Chinese officials are fuming about a Canadian-led condemnation of hostage diplomacy, an initiative that highlights widespread distaste for a human rights abuse favored in Beijing.
“The Chinese side expresses its strong dissatisfaction and firm opposition over this, and has lodged stern representations with the Canadian side,” a Chinese Embassy spokesman in Canada protested. “The Canadian side’s attempt to pressure China by using ‘Megaphone Diplomacy’ or ganging up is totally futile and will only head towards a dead end.”
Dozens of countries joined Canada in denouncing the use of “arbitrary arrest, detention, or sentencing to exercise leverage over foreign governments.” The roster of signatories spanned North America and Europe, with additional support coming from Latin America and Africa.
The absence of China and Russia from the list reflects another fissure between global heavyweights embroiled in a series of economic and human rights disputes.
“It’s time to send a clear message to every government that arbitrarily detains foreign nationals and tries to use them as leverage: This will not be tolerated by the international community,” Secretary of State Antony Blinken said Monday. “The fact that so many countries are endorsing this declaration is a sign of its strength.”
The declaration makes no mention of any particular malefactor, and Canadian Foreign Affairs Minister Marc Garneau avoided offering any more specificity. A human rights activist involved in the launch Monday, however, pointed the finger at the Chinese Communist regime on behalf of Michael Kovrig and Michael Spavor, two Canadians arrested by Chinese authorities in apparent retaliation for Canada’s detention of a senior Huawei executive.
“The Chinese government’s detentions of the Canadians Michael Kovrig and Michael Spavor epitomizes this despicable practice,” Human Rights Watch Executive Director Kenneth Roth said during an event.
Chinese officials took that rebuke as a message from the Canadian government but countered by condemning Canada’s arrest of a Huawei vice president, Meng Wanzhou. Meng, who faces fraud charges in the United States, has been in Canada since 2019 fighting extradition.
“It acts as an accomplice of the U.S., and helps the U.S. to use Meng Wanzhou as a bargaining chip to oppress Chinese enterprises,” the Embassy spokesman said. “This kind of act is no different from a thief shouting to catch a thief.
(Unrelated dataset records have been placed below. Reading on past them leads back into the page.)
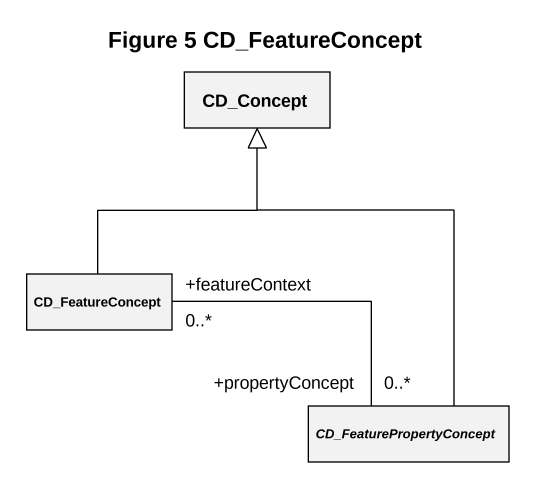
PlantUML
@startuml
title Figure 5 CD_FeatureConcept
hide circle
hide empty members
class CD_Concept
class CD_FeatureConcept
abstract class CD_FeaturePropertyConcept
CD_FeatureConcept -up-|> CD_Concept
CD_FeatureConcept "+featureContext\n0..*" -right- "+propertyConcept\n0..*" CD_FeaturePropertyConcept
CD_FeaturePropertyConcept -up-|> CD_Concept
@enduml
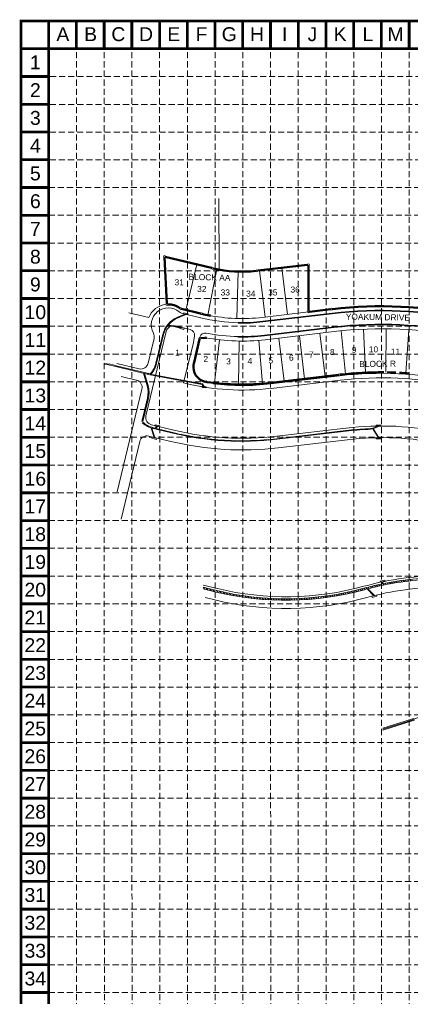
# Model space of a CAD drawing. Header units: inches. Extents: x 4200 to 7167, y -457 to 4285.
# Drawn here: x 4200 to 5246, y 1679 to 4285 of the extents above; entities that cross this region are included whole.
import ezdxf
from ezdxf.enums import TextEntityAlignment as Align

# ---------------------------------------------------------------- set-up
doc = ezdxf.new("R2010")
doc.units = ezdxf.units.IN
doc.header["$MEASUREMENT"] = 0
doc.linetypes.add('DASHED', pattern=[0.75, 0.5, -0.25])
doc.linetypes.add('HIDDEN', pattern=[0.375, 0.25, -0.125])
for name, color, linetype, lineweight in [('0156al4 - Level 58', 7, 'Continuous', 0), ('0339al - Level 11', 7, 'Continuous', 0), ('0339al - Level 14', 7, 'Continuous', 0), ('0339al - Level 21', 7, 'Continuous', 0), ('0339al - Level 22', 7, 'Continuous', 0), ('0339al - Level 3', 7, 'Continuous', 0), ('Level 47', 7, 'Continuous', 0), ('STORM', 5, 'Continuous', 0)]:
    doc.layers.add(name, color=color, linetype=linetype, lineweight=lineweight)
doc.layers.add('BASE', color=7, linetype='Continuous')
doc.layers.add('GRID', color=254, linetype='DASHED')
doc.styles.get("Standard").update_dxf_attribs({"font": 'ARIAL.TTF'})

msp = doc.modelspace()

# ---------------------------------------------------------------- linework, layer by layer
at = {"layer": '0339al - Level 14', "color": 7, "linetype": 'Continuous', "lineweight": 30}
for p, q in [((4849.4, 3479.8), (5034.1, 3501.5)), ((4853.7, 3443.1), (5038.4, 3464.8))]:
    msp.add_line(p, q, dxfattribs=at)
at = {"layer": '0339al - Level 14', "color": 7, "linetype": 'Continuous', "lineweight": 30, "extrusion": (0, 0, -1)}
for radius in [1123.5, 1086.5]:
    msp.add_arc((-5165.4, 2385.8), radius, 83.2857, 101.9407, dxfattribs=at)
at = {"layer": '0339al - Level 14', "color": 7, "linetype": 'Continuous', "lineweight": 30}
for radius in [476.5, 513.5]:
    msp.add_arc((4793.7, 3953), radius, 268.6944, 276.7143, dxfattribs=at)
at = {"layer": '0339al - Level 21', "color": 7, "linetype": 'Continuous', "lineweight": 0}
for p, q in [((4731.9, 3808.3), (4732.1, 3618.7)), ((4544.7, 3490.8), (4491.4, 3503.6))]:
    msp.add_line(p, q, dxfattribs=at)
at = {"layer": '0339al - Level 21', "color": 7, "linetype": 'Continuous', "lineweight": 40}
for p, q in [((4592.9, 3528.3), (4586.5, 3650.7)), ((4588.8, 3652.6), (4711.8, 3623)), ((4835.9, 3615.7), (4968.6, 3631.3)), ((4971.1, 3629.1), (4971.2, 3508.2)), ((4632.4, 3513.6), (4682.6, 3501.5)), ((4973.7, 3506), (5030.2, 3512.7)), ((4680.4, 3432.7), (4665.5, 3370.6)), ((4683.5, 3435.4), (4694.4, 3436.7)), ((4871.1, 3316.7), (5050.8, 3337.9))]:
    msp.add_line(p, q, dxfattribs=at)
at = {"layer": '0339al - Level 21', "color": 7, "linetype": 'Continuous', "lineweight": 0}
for centre in [(4586.3, 3653.2), (4714.2, 3622.4), (4971.1, 3631.6), (4833.4, 3615.4), (4833.4, 3615.4), (4593.1, 3525.8), (4629.9, 3514.1), (4685, 3500.9), (4707.9, 3496), (4971.2, 3505.7), (5032.7, 3513), (4681, 3435.1), (4696.9, 3437), (4664.9, 3368.1), (5053.3, 3338.2), (4697.8, 3319.2), (4868.6, 3316.4)]:
    msp.add_circle(centre, 2.5, dxfattribs=at)
at = {"layer": '0339al - Level 21', "color": 7, "linetype": 'Continuous', "lineweight": 40}
for centre, radius, start, end in [((4793.7, 3953), 340, 256.9093, 276.2931), ((4596, 3470.9), 55, 54.4726, 90.4267), ((4793.7, 3953), 465, 256.7961, 259.0684), ((4793.7, 3953), 641, 261.623, 276.4909)]:
    msp.add_arc(centre, radius, start, end, dxfattribs=at)
at = {"layer": '0339al - Level 21', "color": 7, "linetype": 'Continuous', "lineweight": 0}
msp.add_arc((4596, 3470.9), 55, 95.6358, 158.7825, dxfattribs=at)
at = {"layer": '0339al - Level 21', "color": 7, "linetype": 'Continuous', "lineweight": 40, "extrusion": (0, 0, -1)}
for centre, radius, start, end in [((-5165.4, 2385.8), 1135, 83.4119, 101.8145), ((-4703.8, 3358.8), 40, 282.182, 9.9304), ((-5165.4, 2385.8), 959, 83.435, 90.3756), ((-5165.4, 2385.8), 959, 90.91, 92.2932), ((-5165.4, 2385.8), 959, 92.8867, 94.4187)]:
    msp.add_arc(centre, radius, start, end, dxfattribs=at)
at = {"layer": '0339al - Level 22', "color": 7, "linetype": 'Continuous', "lineweight": 0}
for p, q in [((4634.5, 3501.8), (4683.2, 3490.1)), ((4615.2, 3468.3), (4655.4, 3458.7)), ((4591, 3453.6), (4537.1, 3229)), ((4666.7, 3441.6), (4663.7, 3424.3)), ((4558.8, 3435.1), (4542.9, 3368.8)), ((4663.7, 3424.3), (4637.8, 3316.3)), ((4675.4, 3421.5), (4667.2, 3387.6)), ((4680.8, 3438.8), (4675.4, 3421.5)), ((4518.8, 3354.1), (4459.6, 3368.3)), ((4668.7, 3385.2), (4664.7, 3368.7)), ((4667.2, 3387.6), (4668.7, 3385.2)), ((4511.5, 3323.9), (4471.2, 3333.6)), ((4637.8, 3316.3), (4641.2, 3315.5)), ((4717, 3314), (4715.3, 3316.3)), ((4869.8, 3313.8), (5054.5, 3335.5)), ((4871.2, 3301.9), (5055.9, 3323.6)), ((4526.3, 3299.8), (4460.6, 3026.4)), ((4551.8, 3204.8), (4611.2, 3190.6)), ((4886.2, 3174.2), (5070.9, 3196)), ((4520.5, 3159.9), (4470.8, 2953.4)), ((4544.6, 3174.7), (4603.9, 3160.4)), ((4889.8, 3143.5), (5074.5, 3165.2)), ((4689.5, 2777.4), (4727.9, 2768.2)), ((4695.2, 2744.2), (4720.6, 2738))]:
    msp.add_line(p, q, dxfattribs=at)
for centre, radius, start, end in [((4596.8, 3471.2), 45.5, 49.7572, 208.7176), ((4639.1, 3521.2), 20, 229.7572, 256.488), ((4610.5, 3448.9), 20, 76.488, 166.488), ((4794.5, 3953.4), 476.5, 256.488, 268.6944), ((4651.9, 3444.1), 15, 350.3021, 76.488), ((4695.1, 3434.3), 15, 79.1578, 162.7051), ((4794.5, 3953.4), 513.5, 259.1578, 268.6944), ((4506.9, 3304.5), 20, 346.488, 76.4881), ((4794.5, 3953.4), 656, 256.488, 276.7144), ((4794.5, 3953.4), 642, 261.3995, 262.9169), ((4794.5, 3953.4), 644, 263.0854, 276.7144), ((4794.5, 3953.4), 784.5, 256.488, 276.7144), ((4539.9, 3155.3), 20, 76.488, 166.488), ((4794.5, 3953.4), 815.5, 256.488, 276.7144), ((5333.8, 1987.8), 815.5, 90.0949, 105.3168), ((5333.8, 1987.8), 784.5, 90.0949, 105.3168)]:
    msp.add_arc(centre, radius, start, end, dxfattribs=at)
at = {"layer": '0339al - Level 22', "color": 7, "linetype": 'Continuous', "lineweight": 0, "extrusion": (0, 0, -1)}
for centre, radius, start, end in [((-4539.4, 3439.7), 20, 151.2824, 193.512), ((-4523.5, 3373.5), 20, 193.512, 283.512), ((-4704.6, 3359.1), 41, 278.6005, 13.512), ((-5166.3, 2386.1), 956, 83.2856, 101.9407), ((-5166.3, 2386.1), 944, 83.2856, 101.9407), ((-4556.5, 3224.3), 20, 283.512, 13.512), ((-5166.3, 2386.1), 815.5, 83.2856, 101.9407), ((-5166.3, 2386.1), 784.5, 83.2856, 101.9407), ((-4911.2, 3531), 784.5, 254.6832, 283.5119), ((-4911.2, 3531), 815.5, 254.6832, 283.5119)]:
    msp.add_arc(centre, radius, start, end, dxfattribs=at)
at = {"layer": '0339al - Level 3', "color": 7, "linetype": 'Continuous', "lineweight": 0}
for p, q in [((4643.7, 3510.8), (4672.9, 3632.4)), ((4914.5, 3499.1), (4899.9, 3623.2)), ((4702.1, 3497.1), (4726.7, 3619.7)), ((4779.4, 3488.3), (4783.2, 3613.2)), ((4854.9, 3492), (4840.3, 3616.2)), ((4848, 3491.2), (4971.2, 3505.7)), ((4855, 3431.6), (5039.7, 3453.4)), ((4960.3, 3327.2), (4946.7, 3442.4)), ((5014.9, 3333.7), (5001.3, 3448.9)), ((5069.2, 3339.9), (5057.6, 3455.3)), ((5117.8, 3459.7), (5122.9, 3343.8)), ((5178.2, 3460.7), (5176.8, 3344.7)), ((5238.5, 3458.3), (5230.6, 3342.5)), ((4733.4, 3431.5), (4720.1, 3316.3)), ((4785.8, 3428.1), (4784, 3312.1)), ((4838.2, 3429.9), (4848.1, 3314.3)), ((4905.6, 3320.8), (4892.1, 3436))]:
    msp.add_line(p, q, dxfattribs=at)
for radius, start in [(465, 258.6478), (525, 259.3765)]:
    msp.add_arc((4793.7, 3953), radius, start, 276.7143, dxfattribs=at)
at = {"layer": '0339al - Level 3', "color": 7, "linetype": 'Continuous', "lineweight": 0, "extrusion": (0, 0, -1)}
msp.add_arc((-5165.4, 2385.8), 1075, 83.2857, 101.9407, dxfattribs=at)
at = {"layer": 'BASE', "color": 9}
msp.add_line((4277.6, 4207.3), (7089, 4207.3), dxfattribs=at)
at = {"layer": 'BASE', "const_width": 7.4}
for points in [[(4277.6, 4281.3), (4203.6, 4281.3)], [(4277.6, 4281.3), (4277.6, 4207.3)], [(4351.6, 4281.3), (4351.6, 4207.3)], [(4425.6, 4281.3), (4425.6, 4207.3)], [(4499.6, 4281.3), (4499.6, 4207.3)], [(4573.5, 4281.3), (4573.5, 4207.3)], [(4647.5, 4281.3), (4647.5, 4207.3)], [(4721.5, 4281.3), (4721.5, 4207.3)], [(4795.5, 4281.3), (4795.5, 4207.3)], [(4869.5, 4281.3), (4869.5, 4207.3)], [(4943.5, 4281.3), (4943.5, 4207.3)], [(5017.4, 4281.3), (5017.4, 4207.3)], [(5091.4, 4281.3), (5091.4, 4207.3)], [(5165.4, 4281.3), (5165.4, 4207.3)], [(5239.4, 4281.3), (5239.4, 4207.3)], [(4277.6, 4207.3), (4203.6, 4207.3)], [(4277.6, 4133.3), (4203.6, 4133.3)], [(4277.6, 4059.3), (4203.6, 4059.3)], [(4277.6, 3985.3), (4203.6, 3985.3)], [(4277.6, 3911.3), (4203.6, 3911.3)], [(4277.6, 3837.4), (4203.6, 3837.4)], [(4277.6, 3763.4), (4203.6, 3763.4)], [(4277.6, 3689.4), (4203.6, 3689.4)], [(4277.6, 3615.4), (4203.6, 3615.4)], [(4277.6, 3541.4), (4203.6, 3541.4)], [(4277.6, 3467.4), (4203.6, 3467.4)], [(4277.6, 3393.5), (4203.6, 3393.5)], [(4277.6, 3319.5), (4203.6, 3319.5)], [(4277.6, 3245.5), (4203.6, 3245.5)], [(4277.6, 3171.5), (4203.6, 3171.5)], [(4277.6, 3097.5), (4203.6, 3097.5)], [(4277.6, 3023.5), (4203.6, 3023.5)], [(4277.6, 2949.6), (4203.6, 2949.6)], [(4277.6, 2875.6), (4203.6, 2875.6)], [(4277.6, 2801.6), (4203.6, 2801.6)], [(4277.6, 2727.6), (4203.6, 2727.6)], [(4277.6, 2653.6), (4203.6, 2653.6)], [(4277.6, 2579.6), (4203.6, 2579.6)], [(4277.6, 2505.7), (4203.6, 2505.7)], [(4277.6, 2431.7), (4203.6, 2431.7)], [(4277.6, 2357.7), (4203.6, 2357.7)], [(4277.6, 2283.7), (4203.6, 2283.7)], [(4277.6, 2209.7), (4203.6, 2209.7)], [(4277.6, 2135.7), (4203.6, 2135.7)], [(4277.6, 2061.7), (4203.6, 2061.7)], [(4277.6, 1987.8), (4203.6, 1987.8)], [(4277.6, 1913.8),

How hypocritical and despicable.”
The U.S. and Canada have an extradition treaty. Meng’s case stems from “the alleged decades-long efforts by Huawei, and several of its subsidiaries … to misappropriate intellectual property, including from six U.S. technology companies,” according to Justice Department officials. The disputes range beyond the case of “the two Michaels,” as they’re known, and the Huawei executive, and so the initiative heartened the families of other detainees.
There are 44 Americans known to be “wrongfully detained abroad,” according to the James W. Foley Legacy Foundation.
“Not surprisingly, the nations that engage in this sort of hostage diplomacy, like the Russian Federation, have not endorsed it,” Paul Whelan, brother of the former Marine seized in December 2018 while traveling in Russia, wrote Tuesday in an email to journalists and supporters.
“It is a low bar to oppose arbitrary arrest, detention, and sentencing,” Whelan added. “This opposition shouldn’t need to be put in writing but we are grateful for Canada’s leadership on the declaration. By highlighting those who oppose arbitrary detention, it places in shadow those nations that are willing to engage in taking hostages as a diplomatic tool.”